Task to complete:
Look at every line of the material and count the ones holding the word "name". The answer is the number only.

───── Source data ─────

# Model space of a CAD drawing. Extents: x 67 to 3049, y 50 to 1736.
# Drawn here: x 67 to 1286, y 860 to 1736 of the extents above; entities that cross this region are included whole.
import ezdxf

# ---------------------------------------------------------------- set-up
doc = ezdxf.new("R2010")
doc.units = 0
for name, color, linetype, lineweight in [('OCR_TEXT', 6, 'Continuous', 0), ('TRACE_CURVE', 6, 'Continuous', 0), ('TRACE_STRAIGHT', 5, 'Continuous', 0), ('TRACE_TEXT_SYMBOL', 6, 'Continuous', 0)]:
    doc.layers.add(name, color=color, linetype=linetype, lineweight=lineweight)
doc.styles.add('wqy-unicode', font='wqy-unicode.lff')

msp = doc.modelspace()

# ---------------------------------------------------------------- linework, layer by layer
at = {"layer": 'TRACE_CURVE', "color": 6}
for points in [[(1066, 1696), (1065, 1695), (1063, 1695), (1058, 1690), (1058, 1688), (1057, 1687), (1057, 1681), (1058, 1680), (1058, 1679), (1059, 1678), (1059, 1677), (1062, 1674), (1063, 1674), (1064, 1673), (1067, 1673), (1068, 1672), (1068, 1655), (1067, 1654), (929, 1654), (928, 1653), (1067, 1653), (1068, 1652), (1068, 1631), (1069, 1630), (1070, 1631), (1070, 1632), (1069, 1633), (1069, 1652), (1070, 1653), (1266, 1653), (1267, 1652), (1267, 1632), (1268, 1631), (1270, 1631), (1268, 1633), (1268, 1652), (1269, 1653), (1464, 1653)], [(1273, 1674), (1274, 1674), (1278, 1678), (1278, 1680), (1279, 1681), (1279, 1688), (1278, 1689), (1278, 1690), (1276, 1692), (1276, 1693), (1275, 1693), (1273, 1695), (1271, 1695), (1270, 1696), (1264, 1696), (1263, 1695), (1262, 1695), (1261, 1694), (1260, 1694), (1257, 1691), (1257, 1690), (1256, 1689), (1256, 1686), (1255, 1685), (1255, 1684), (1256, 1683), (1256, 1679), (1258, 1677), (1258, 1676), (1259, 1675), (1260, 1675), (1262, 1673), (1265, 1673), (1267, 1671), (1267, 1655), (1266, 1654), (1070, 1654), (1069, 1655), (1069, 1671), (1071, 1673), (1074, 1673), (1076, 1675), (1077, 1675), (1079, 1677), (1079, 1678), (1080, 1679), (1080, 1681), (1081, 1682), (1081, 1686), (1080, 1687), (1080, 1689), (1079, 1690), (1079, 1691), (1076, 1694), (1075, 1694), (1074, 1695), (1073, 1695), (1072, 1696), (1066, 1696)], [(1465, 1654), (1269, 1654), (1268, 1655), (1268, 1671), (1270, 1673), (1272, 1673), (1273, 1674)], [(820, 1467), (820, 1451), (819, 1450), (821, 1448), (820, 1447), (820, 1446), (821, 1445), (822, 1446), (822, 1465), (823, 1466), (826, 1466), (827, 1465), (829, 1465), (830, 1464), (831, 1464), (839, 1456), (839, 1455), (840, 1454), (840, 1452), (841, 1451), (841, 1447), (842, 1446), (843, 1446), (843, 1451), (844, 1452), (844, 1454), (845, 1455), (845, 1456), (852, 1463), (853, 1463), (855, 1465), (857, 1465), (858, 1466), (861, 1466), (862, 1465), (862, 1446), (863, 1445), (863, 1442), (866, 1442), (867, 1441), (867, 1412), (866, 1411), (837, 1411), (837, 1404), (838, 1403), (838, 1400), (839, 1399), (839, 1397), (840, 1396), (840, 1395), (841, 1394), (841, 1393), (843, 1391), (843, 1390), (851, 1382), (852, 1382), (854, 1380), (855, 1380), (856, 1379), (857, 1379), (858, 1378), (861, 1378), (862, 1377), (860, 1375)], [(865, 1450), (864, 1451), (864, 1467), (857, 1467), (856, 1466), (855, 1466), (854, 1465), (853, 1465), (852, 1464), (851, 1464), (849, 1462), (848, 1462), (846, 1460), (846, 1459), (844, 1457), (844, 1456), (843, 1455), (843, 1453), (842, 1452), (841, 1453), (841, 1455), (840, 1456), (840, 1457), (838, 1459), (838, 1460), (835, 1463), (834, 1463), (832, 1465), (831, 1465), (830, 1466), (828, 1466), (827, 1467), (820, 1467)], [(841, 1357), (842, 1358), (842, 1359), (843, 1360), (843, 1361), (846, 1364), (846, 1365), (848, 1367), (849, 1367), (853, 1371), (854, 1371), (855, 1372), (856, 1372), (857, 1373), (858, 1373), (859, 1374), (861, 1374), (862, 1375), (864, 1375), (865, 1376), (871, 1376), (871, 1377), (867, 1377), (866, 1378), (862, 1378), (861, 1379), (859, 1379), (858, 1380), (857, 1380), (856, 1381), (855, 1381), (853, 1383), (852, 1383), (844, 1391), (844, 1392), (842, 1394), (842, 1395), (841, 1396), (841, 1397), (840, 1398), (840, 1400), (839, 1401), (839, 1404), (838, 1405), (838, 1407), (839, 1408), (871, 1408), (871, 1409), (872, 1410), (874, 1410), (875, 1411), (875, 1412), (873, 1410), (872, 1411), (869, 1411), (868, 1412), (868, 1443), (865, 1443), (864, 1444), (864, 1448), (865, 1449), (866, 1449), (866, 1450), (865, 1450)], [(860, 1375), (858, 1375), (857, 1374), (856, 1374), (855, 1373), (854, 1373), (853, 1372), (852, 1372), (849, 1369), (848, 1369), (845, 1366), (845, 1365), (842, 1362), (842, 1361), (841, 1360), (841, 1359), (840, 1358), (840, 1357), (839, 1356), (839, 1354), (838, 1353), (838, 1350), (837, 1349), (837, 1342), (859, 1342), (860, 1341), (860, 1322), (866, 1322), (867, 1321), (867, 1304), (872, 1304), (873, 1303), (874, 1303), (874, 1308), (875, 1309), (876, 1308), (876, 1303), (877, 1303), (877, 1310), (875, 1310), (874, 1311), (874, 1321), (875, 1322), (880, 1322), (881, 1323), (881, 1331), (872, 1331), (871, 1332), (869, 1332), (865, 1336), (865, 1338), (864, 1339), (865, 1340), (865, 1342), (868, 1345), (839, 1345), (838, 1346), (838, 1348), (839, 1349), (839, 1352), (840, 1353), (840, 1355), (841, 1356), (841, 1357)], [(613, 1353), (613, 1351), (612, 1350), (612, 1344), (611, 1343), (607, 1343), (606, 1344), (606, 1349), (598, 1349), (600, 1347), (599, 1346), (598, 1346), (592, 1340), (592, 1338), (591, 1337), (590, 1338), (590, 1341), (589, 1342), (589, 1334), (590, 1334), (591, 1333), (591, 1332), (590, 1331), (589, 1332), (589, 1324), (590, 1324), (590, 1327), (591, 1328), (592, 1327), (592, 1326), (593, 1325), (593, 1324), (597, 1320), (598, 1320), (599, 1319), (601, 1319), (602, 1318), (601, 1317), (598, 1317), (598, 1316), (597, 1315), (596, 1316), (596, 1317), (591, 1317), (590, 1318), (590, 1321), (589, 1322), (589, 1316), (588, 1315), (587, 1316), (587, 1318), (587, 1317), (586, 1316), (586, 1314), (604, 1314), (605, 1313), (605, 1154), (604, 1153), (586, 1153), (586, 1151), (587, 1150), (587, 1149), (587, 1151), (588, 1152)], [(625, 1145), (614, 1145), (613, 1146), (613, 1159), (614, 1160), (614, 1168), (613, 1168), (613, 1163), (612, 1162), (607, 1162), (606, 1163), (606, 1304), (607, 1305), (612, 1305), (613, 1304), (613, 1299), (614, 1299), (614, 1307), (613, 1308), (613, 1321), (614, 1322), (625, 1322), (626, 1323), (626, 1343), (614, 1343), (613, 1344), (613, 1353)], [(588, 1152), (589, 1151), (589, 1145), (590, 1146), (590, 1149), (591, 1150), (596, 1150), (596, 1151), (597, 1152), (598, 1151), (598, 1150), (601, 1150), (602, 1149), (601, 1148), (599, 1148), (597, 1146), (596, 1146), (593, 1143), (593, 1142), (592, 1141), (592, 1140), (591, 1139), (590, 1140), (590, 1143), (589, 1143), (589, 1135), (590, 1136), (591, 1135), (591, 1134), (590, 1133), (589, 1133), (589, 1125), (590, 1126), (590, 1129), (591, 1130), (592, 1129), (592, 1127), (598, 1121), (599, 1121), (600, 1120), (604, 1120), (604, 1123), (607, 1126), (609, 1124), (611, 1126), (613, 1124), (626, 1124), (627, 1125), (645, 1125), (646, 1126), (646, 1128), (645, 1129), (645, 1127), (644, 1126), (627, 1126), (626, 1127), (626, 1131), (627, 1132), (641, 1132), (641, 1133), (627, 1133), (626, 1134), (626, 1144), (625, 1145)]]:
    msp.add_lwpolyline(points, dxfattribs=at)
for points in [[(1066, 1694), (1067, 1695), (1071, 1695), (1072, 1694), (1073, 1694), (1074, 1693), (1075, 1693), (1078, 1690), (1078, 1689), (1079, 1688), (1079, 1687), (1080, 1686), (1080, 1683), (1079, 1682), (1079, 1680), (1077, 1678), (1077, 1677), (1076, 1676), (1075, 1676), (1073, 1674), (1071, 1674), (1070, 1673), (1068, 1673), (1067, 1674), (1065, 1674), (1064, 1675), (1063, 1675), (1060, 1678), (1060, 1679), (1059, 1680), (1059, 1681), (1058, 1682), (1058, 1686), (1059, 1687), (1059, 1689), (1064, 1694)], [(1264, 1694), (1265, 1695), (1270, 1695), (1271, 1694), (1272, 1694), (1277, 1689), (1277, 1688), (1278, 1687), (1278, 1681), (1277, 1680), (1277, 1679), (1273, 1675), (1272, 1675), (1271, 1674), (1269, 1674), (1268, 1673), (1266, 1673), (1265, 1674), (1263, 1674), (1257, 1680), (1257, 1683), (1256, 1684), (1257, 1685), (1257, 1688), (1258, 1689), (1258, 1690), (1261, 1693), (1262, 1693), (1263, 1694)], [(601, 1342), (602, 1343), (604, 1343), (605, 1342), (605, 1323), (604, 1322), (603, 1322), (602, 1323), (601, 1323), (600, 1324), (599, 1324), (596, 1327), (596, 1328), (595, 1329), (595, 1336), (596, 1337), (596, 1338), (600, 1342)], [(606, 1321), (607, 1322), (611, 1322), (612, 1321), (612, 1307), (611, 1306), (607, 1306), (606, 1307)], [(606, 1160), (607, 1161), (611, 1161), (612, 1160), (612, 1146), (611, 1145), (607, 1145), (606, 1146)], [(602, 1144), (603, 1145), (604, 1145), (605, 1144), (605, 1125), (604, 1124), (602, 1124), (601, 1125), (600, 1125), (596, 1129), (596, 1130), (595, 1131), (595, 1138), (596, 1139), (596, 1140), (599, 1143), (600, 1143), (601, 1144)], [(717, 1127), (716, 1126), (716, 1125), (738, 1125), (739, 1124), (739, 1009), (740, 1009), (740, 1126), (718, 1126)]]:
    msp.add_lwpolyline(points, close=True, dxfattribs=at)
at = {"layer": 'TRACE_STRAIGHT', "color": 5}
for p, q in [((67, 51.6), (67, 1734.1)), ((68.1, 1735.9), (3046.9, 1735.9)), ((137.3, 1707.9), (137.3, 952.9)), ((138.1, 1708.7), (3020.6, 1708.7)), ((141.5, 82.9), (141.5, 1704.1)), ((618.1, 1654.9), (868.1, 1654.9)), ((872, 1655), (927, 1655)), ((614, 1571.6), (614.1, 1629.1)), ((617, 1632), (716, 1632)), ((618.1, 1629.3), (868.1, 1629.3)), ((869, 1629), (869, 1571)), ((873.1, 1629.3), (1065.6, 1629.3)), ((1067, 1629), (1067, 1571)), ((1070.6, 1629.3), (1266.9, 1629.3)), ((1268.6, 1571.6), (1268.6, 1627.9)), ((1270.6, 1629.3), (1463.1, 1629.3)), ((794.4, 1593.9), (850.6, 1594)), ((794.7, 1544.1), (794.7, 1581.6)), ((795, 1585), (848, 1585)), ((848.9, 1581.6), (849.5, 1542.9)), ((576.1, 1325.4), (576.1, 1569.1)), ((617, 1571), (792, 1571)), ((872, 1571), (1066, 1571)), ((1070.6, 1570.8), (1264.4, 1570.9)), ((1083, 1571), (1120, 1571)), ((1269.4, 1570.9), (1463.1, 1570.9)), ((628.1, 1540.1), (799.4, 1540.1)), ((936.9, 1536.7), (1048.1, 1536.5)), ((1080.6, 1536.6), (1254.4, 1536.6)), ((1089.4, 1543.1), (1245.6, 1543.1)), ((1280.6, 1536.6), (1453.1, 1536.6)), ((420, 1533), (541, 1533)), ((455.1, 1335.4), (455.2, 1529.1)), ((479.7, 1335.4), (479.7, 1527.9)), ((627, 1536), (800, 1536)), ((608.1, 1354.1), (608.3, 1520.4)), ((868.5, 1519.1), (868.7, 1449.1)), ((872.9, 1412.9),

─────

Answer section:
2